Task prompt.
Go to the line below containing "#53=DIRECTION('',(0.,0.,-1.));" and print exactly from there through the line containing "#73=CARTESIAN_POINT('',(-42.,-60.,42.9));", both included. Print nothing else.

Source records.
****************************************
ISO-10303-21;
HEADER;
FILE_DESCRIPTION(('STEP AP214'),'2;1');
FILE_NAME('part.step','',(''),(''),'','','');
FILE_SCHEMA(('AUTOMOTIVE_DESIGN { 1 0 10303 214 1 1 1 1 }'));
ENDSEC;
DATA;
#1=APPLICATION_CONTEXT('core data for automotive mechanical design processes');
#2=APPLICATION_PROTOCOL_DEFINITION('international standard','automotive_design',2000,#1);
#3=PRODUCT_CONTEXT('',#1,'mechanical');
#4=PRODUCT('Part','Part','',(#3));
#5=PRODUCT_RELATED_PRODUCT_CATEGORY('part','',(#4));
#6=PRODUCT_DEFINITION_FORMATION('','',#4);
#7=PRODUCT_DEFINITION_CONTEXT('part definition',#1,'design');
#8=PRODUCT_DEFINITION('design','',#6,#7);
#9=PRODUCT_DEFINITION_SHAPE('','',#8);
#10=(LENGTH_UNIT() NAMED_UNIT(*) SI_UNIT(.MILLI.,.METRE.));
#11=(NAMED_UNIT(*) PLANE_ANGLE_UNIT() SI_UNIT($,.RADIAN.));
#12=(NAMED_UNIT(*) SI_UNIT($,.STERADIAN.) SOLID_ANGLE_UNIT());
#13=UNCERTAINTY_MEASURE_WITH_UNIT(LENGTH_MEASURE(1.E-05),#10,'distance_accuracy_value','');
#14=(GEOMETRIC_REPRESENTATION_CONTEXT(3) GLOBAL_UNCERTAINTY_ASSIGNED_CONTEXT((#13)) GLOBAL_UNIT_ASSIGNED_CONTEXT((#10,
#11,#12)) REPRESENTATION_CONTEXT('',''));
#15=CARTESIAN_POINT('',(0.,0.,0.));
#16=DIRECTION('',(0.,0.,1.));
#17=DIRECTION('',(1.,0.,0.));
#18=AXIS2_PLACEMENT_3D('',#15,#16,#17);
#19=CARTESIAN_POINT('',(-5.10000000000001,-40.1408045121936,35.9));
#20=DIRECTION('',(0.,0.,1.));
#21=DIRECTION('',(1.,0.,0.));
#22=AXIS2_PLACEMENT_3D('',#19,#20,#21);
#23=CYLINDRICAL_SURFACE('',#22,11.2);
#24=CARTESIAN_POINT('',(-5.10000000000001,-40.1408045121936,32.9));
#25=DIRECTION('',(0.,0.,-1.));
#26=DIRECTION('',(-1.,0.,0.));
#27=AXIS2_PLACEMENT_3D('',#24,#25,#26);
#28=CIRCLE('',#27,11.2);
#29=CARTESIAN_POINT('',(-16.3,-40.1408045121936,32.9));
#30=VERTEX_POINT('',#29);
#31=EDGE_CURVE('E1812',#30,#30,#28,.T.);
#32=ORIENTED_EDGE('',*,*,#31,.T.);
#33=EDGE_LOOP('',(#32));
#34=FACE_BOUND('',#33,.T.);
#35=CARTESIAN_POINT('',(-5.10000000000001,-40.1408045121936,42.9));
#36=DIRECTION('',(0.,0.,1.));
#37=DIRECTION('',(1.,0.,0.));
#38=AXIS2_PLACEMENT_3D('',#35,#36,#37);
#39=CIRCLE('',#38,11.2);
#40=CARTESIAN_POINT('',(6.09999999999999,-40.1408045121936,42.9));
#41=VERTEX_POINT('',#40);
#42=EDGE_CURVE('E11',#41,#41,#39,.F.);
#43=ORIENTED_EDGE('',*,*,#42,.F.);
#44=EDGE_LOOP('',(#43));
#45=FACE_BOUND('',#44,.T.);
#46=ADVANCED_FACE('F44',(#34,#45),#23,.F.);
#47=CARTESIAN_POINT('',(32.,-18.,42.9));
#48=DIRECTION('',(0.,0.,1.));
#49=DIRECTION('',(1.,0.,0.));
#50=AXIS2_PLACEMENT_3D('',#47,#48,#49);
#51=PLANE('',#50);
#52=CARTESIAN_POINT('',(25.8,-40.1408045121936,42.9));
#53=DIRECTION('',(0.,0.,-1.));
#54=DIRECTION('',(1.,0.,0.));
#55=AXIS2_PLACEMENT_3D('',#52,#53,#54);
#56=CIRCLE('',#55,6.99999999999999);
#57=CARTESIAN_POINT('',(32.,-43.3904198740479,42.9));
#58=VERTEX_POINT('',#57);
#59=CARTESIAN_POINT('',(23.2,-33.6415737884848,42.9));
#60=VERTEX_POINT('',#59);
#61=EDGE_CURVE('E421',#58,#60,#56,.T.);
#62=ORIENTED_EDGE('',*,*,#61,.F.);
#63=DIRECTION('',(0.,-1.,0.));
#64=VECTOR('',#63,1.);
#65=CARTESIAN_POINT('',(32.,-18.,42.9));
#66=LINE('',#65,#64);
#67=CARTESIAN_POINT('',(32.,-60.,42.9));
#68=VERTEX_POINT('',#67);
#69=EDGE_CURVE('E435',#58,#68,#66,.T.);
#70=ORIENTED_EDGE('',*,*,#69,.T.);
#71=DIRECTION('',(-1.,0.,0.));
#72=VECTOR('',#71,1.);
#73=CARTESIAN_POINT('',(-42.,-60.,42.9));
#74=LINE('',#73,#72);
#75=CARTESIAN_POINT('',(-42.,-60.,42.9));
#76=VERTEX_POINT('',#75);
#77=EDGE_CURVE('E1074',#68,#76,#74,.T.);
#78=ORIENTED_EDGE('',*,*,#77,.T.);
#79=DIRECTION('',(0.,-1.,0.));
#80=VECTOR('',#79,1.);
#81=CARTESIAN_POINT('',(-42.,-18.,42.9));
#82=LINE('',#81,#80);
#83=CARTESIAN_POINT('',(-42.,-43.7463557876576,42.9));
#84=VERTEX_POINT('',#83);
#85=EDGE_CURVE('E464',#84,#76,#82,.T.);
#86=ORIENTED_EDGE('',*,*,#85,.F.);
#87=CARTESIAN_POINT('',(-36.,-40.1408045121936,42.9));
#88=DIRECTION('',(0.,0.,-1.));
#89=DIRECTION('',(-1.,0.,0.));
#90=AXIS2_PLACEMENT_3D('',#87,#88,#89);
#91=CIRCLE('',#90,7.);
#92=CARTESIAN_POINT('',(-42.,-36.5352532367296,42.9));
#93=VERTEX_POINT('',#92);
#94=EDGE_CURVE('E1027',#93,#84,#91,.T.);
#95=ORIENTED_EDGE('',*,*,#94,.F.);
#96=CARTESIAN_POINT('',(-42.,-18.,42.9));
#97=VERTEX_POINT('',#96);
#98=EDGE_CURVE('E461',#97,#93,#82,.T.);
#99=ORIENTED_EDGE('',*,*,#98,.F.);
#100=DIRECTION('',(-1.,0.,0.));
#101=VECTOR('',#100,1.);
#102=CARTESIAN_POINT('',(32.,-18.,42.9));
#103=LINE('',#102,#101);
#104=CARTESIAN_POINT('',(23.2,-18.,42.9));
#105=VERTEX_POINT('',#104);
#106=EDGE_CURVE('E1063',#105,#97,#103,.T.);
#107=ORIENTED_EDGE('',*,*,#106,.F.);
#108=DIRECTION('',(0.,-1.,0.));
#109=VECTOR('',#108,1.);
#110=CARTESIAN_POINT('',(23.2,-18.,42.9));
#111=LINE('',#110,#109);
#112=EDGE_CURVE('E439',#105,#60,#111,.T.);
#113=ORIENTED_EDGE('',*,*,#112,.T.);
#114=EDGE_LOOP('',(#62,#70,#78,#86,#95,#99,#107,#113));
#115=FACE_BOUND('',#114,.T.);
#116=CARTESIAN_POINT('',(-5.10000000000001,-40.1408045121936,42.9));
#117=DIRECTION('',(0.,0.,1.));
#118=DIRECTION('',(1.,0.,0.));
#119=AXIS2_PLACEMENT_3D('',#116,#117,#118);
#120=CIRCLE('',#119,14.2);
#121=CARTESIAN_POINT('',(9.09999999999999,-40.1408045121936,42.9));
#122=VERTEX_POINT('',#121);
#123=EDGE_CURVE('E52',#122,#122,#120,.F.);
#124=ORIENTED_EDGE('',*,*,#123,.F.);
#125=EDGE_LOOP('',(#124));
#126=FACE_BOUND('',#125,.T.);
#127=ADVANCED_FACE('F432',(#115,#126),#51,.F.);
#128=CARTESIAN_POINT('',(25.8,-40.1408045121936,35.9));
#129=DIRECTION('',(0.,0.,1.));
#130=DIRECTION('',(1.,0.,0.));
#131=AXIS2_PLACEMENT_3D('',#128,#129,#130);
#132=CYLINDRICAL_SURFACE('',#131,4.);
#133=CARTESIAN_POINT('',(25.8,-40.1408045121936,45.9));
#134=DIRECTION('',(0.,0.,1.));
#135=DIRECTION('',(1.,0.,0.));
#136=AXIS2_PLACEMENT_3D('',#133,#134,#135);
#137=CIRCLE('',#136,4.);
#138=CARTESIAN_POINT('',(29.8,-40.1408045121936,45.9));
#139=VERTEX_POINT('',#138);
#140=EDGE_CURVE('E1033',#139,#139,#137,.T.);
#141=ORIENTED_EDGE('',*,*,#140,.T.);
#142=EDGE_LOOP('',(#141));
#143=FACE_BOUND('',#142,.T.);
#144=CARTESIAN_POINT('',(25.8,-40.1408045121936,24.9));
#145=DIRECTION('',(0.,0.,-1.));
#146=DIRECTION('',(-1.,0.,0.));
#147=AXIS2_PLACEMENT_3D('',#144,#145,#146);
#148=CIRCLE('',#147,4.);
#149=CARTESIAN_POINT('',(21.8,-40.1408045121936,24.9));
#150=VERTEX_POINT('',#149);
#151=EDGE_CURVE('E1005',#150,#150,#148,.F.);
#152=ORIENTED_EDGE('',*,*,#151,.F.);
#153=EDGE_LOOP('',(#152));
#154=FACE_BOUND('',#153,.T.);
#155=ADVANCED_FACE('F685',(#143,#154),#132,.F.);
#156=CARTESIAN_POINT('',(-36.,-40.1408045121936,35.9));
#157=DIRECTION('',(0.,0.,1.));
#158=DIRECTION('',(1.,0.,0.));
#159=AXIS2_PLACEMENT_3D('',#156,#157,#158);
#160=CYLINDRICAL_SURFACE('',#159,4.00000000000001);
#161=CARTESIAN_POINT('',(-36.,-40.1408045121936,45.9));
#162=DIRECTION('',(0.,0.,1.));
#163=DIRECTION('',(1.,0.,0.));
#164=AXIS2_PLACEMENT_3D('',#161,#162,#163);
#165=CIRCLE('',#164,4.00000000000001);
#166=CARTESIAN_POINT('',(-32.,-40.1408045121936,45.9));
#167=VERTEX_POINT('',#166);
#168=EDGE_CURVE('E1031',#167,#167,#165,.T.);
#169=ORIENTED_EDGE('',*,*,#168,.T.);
****************************************
Task output.
#53=DIRECTION('',(0.,0.,-1.));
#54=DIRECTION('',(1.,0.,0.));
#55=AXIS2_PLACEMENT_3D('',#52,#53,#54);
#56=CIRCLE('',#55,6.99999999999999);
#57=CARTESIAN_POINT('',(32.,-43.3904198740479,42.9));
#58=VERTEX_POINT('',#57);
#59=CARTESIAN_POINT('',(23.2,-33.6415737884848,42.9));
#60=VERTEX_POINT('',#59);
#61=EDGE_CURVE('E421',#58,#60,#56,.T.);
#62=ORIENTED_EDGE('',*,*,#61,.F.);
#63=DIRECTION('',(0.,-1.,0.));
#64=VECTOR('',#63,1.);
#65=CARTESIAN_POINT('',(32.,-18.,42.9));
#66=LINE('',#65,#64);
#67=CARTESIAN_POINT('',(32.,-60.,42.9));
#68=VERTEX_POINT('',#67);
#69=EDGE_CURVE('E435',#58,#68,#66,.T.);
#70=ORIENTED_EDGE('',*,*,#69,.T.);
#71=DIRECTION('',(-1.,0.,0.));
#72=VECTOR('',#71,1.);
#73=CARTESIAN_POINT('',(-42.,-60.,42.9));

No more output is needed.